- Task brief
What lines in the data below mention the string "CIRCLE"? Copy them out.

(Recorded information)

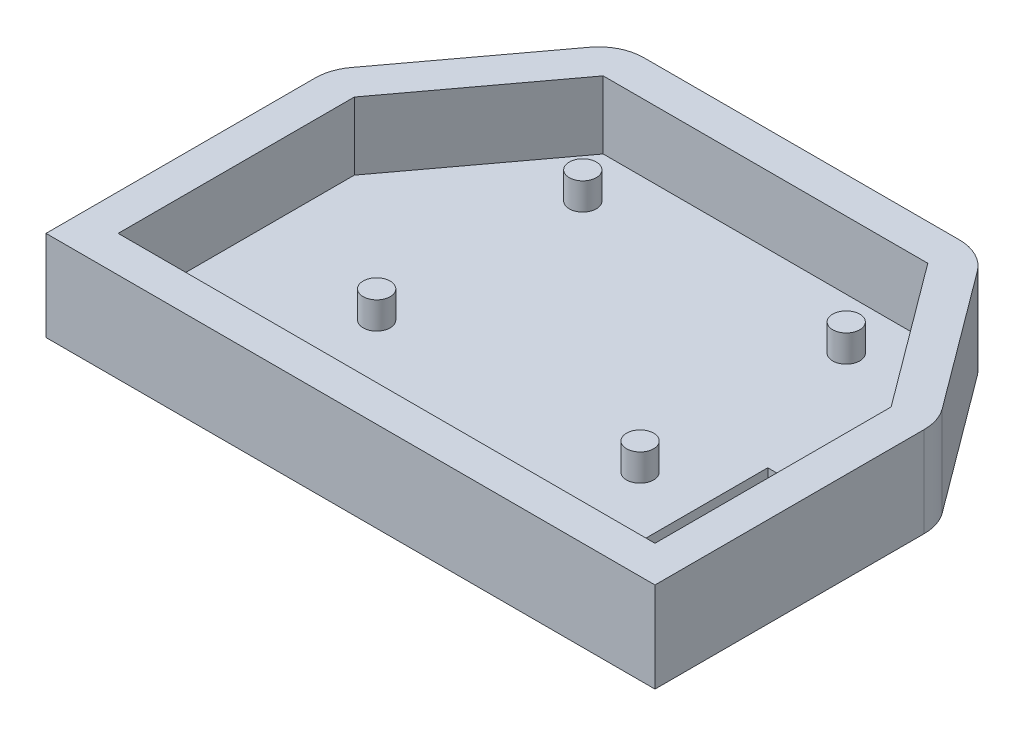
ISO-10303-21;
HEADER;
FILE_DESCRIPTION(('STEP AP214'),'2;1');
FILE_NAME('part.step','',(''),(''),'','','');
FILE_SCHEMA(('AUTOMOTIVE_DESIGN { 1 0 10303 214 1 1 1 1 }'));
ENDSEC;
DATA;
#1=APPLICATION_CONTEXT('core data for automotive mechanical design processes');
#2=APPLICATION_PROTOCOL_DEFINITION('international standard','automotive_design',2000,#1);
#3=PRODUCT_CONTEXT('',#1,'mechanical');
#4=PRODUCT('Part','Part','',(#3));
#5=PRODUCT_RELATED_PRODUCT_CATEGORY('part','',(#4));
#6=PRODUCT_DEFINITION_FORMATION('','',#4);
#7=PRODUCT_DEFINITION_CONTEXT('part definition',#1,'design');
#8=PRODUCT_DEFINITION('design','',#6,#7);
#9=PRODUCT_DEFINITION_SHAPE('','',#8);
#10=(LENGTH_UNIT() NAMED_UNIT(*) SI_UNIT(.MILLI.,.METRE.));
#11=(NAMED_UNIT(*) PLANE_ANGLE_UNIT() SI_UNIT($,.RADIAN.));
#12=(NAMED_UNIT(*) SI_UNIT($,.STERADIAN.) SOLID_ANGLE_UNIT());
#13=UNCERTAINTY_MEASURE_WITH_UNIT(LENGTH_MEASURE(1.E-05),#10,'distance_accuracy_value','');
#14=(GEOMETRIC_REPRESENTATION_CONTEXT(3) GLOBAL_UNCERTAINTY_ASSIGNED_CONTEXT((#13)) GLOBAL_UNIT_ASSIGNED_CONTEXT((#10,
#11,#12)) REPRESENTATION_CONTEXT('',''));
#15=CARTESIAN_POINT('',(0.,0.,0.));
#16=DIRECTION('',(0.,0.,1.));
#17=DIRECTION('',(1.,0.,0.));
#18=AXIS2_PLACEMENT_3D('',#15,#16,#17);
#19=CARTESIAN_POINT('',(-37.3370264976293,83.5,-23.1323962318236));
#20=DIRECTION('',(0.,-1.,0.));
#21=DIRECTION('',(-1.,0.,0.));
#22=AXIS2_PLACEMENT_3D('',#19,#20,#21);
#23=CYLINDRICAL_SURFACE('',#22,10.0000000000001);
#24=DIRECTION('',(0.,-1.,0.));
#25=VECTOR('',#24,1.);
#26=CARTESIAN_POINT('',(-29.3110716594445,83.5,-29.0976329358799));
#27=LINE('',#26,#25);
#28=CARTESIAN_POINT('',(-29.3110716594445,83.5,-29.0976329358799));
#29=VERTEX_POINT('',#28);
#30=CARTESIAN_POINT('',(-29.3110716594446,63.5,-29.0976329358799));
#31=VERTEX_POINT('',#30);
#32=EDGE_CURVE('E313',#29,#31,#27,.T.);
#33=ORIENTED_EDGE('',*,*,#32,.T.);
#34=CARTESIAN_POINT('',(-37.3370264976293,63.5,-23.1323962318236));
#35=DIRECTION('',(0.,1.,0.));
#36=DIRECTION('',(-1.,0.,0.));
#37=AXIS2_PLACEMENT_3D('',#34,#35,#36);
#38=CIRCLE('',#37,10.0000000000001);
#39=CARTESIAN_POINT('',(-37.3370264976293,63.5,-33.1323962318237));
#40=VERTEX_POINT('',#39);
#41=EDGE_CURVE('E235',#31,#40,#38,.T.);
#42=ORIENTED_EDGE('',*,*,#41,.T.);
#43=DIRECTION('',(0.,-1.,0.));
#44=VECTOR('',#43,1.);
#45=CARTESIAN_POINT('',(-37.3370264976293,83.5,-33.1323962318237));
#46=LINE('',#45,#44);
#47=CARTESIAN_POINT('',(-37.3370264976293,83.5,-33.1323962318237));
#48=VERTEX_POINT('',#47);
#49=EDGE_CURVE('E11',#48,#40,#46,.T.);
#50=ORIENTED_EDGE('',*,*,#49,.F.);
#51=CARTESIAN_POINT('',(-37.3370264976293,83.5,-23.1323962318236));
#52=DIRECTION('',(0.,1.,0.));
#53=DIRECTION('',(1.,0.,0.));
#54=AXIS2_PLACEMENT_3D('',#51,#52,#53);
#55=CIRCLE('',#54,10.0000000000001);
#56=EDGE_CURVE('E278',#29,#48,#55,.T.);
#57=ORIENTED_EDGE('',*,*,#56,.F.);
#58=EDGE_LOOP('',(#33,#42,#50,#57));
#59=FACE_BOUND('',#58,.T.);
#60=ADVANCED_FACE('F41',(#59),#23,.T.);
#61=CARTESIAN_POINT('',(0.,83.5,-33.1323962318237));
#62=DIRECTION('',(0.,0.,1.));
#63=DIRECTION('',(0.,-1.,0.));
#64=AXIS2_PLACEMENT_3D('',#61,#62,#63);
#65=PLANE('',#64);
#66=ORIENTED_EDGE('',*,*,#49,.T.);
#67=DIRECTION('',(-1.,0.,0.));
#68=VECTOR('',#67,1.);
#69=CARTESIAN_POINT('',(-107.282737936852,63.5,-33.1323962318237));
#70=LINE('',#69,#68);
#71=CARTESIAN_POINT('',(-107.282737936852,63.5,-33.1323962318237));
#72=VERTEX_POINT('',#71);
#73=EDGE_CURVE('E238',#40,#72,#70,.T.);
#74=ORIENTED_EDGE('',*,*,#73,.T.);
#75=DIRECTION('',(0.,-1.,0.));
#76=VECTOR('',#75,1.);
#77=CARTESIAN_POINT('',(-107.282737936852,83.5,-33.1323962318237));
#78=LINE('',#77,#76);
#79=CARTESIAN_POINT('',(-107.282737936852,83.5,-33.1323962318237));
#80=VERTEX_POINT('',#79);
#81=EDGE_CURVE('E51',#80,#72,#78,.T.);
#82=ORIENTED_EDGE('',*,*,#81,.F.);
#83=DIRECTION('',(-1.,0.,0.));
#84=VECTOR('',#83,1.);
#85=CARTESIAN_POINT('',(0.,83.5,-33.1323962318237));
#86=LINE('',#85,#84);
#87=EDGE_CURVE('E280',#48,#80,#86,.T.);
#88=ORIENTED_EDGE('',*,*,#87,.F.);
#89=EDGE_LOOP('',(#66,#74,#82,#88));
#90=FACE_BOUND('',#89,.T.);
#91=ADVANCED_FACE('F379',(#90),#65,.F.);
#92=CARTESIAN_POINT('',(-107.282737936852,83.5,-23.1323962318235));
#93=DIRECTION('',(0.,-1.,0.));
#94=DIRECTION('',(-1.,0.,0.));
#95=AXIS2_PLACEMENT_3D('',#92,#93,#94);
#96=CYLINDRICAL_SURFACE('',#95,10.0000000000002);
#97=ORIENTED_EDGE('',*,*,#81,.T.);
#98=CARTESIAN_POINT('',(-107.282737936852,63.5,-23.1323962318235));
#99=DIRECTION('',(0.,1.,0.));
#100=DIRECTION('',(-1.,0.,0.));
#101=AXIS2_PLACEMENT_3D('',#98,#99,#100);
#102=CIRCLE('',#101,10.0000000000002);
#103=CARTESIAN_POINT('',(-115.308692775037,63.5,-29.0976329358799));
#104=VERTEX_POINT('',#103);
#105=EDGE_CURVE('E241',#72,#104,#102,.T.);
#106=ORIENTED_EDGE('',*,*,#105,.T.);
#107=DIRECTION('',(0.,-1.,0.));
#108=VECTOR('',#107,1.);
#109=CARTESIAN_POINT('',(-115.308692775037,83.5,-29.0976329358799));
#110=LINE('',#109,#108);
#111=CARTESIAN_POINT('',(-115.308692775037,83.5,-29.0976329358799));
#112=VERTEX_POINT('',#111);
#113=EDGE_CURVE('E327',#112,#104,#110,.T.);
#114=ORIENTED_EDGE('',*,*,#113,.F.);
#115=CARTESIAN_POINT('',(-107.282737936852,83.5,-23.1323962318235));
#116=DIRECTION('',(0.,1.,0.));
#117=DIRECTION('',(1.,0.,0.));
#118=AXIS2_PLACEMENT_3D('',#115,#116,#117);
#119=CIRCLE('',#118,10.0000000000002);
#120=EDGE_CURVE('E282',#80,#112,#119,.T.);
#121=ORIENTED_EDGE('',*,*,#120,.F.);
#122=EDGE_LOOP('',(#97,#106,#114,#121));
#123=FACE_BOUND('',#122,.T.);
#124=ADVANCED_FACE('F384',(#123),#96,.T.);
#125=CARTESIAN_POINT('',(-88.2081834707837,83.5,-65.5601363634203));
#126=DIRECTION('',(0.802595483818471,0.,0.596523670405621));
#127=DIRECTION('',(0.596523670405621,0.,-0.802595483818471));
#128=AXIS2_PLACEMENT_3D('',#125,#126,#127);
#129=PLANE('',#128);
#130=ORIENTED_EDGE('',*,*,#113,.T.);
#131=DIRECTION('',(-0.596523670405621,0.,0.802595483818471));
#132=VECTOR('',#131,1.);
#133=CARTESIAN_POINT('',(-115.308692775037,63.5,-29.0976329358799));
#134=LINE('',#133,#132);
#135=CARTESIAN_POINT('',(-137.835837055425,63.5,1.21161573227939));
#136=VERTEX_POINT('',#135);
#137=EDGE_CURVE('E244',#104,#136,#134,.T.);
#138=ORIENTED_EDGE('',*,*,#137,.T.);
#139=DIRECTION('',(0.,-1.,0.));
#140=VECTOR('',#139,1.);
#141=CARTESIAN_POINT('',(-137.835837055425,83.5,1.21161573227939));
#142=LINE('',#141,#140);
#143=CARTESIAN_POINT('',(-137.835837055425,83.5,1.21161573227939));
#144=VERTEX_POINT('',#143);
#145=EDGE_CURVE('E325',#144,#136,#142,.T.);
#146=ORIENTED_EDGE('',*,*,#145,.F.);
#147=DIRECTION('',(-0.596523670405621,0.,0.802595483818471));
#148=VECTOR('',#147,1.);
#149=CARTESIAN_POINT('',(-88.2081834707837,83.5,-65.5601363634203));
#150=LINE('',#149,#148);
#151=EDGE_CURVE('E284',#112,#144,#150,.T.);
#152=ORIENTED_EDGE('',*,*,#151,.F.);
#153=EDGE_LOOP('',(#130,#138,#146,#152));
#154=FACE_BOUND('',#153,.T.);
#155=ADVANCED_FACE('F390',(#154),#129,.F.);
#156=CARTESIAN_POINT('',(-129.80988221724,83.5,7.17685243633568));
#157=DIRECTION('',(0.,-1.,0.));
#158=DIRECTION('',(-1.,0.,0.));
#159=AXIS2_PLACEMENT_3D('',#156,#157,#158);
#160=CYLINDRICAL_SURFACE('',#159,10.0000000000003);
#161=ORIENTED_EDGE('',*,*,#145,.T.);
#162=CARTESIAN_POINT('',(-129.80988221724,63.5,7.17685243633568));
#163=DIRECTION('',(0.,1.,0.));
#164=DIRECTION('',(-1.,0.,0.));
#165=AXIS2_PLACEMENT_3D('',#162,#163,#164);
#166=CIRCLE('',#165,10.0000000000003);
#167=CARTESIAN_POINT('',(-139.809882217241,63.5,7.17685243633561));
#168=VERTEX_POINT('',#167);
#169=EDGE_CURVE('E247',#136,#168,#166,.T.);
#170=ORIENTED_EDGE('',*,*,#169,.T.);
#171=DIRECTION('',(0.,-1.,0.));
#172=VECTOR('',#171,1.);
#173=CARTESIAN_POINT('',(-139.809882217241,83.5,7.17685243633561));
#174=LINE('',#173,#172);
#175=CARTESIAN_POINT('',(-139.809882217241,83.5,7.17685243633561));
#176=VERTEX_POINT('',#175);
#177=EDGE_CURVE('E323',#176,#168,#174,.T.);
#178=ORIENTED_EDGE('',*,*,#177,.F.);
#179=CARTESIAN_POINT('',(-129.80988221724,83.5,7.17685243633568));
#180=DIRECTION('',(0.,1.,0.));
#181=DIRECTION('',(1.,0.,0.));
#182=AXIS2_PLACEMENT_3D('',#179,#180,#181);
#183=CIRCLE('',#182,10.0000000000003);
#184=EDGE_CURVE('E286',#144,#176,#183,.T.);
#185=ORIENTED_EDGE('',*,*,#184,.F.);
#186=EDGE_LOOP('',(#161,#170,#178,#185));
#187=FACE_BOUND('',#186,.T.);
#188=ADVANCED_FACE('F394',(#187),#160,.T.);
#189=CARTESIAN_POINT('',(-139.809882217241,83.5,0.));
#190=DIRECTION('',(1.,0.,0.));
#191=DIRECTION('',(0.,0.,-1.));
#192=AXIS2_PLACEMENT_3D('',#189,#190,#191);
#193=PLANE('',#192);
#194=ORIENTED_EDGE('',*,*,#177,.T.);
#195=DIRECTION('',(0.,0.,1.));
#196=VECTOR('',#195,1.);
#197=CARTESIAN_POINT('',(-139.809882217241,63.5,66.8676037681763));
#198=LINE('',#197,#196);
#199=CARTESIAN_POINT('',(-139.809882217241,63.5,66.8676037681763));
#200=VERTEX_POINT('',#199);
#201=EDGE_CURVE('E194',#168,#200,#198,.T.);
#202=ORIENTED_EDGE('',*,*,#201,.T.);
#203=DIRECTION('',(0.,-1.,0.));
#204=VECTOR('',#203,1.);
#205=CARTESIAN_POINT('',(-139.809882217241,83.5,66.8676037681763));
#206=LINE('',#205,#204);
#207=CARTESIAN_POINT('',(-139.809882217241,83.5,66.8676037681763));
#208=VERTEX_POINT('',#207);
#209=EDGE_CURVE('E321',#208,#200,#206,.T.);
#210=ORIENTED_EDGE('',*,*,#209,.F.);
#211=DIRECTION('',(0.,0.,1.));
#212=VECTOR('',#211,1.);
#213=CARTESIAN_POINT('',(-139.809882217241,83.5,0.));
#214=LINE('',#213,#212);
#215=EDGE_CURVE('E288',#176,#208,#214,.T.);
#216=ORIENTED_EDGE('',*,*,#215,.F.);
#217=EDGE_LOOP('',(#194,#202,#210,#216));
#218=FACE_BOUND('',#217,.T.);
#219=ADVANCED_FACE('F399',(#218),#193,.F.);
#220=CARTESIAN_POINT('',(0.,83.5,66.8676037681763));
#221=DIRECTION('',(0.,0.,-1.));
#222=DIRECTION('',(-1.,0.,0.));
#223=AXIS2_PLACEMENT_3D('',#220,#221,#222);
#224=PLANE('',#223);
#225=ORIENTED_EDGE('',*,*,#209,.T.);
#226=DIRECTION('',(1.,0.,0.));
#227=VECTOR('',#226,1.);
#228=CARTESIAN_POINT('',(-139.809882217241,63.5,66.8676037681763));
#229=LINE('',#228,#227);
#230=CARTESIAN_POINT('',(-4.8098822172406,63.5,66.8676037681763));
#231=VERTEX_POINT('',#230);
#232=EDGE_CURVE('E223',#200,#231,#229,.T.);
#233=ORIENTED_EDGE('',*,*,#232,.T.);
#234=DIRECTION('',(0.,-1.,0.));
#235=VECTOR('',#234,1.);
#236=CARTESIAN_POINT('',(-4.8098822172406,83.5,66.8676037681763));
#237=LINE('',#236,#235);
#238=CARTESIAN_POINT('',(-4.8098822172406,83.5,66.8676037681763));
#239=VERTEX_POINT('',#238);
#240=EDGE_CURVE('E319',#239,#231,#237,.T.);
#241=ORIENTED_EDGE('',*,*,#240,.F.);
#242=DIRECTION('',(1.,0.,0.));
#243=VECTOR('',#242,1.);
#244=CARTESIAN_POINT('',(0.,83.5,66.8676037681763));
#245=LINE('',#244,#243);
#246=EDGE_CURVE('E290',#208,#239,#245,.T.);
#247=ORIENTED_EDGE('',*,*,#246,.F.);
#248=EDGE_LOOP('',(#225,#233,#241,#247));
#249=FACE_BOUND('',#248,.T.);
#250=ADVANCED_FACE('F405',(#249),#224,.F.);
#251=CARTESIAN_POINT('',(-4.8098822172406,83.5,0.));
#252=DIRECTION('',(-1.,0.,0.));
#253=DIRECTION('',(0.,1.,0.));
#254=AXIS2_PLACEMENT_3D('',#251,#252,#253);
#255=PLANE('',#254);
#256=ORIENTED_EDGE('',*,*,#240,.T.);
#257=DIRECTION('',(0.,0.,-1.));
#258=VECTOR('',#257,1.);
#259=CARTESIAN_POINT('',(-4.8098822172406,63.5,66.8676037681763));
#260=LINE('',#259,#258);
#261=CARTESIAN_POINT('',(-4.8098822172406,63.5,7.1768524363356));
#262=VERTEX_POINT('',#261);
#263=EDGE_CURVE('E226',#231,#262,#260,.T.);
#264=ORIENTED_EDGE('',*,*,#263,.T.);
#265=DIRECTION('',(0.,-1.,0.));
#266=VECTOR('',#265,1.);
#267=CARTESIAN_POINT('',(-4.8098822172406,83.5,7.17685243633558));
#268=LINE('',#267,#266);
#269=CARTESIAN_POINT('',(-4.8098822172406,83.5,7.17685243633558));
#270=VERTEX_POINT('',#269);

(End Recorded information)

- Answer to the problem
#38=CIRCLE('',#37,10.0000000000001);
#55=CIRCLE('',#54,10.0000000000001);
#102=CIRCLE('',#101,10.0000000000002);
#119=CIRCLE('',#118,10.0000000000002);
#166=CIRCLE('',#165,10.0000000000003);
#183=CIRCLE('',#182,10.0000000000003);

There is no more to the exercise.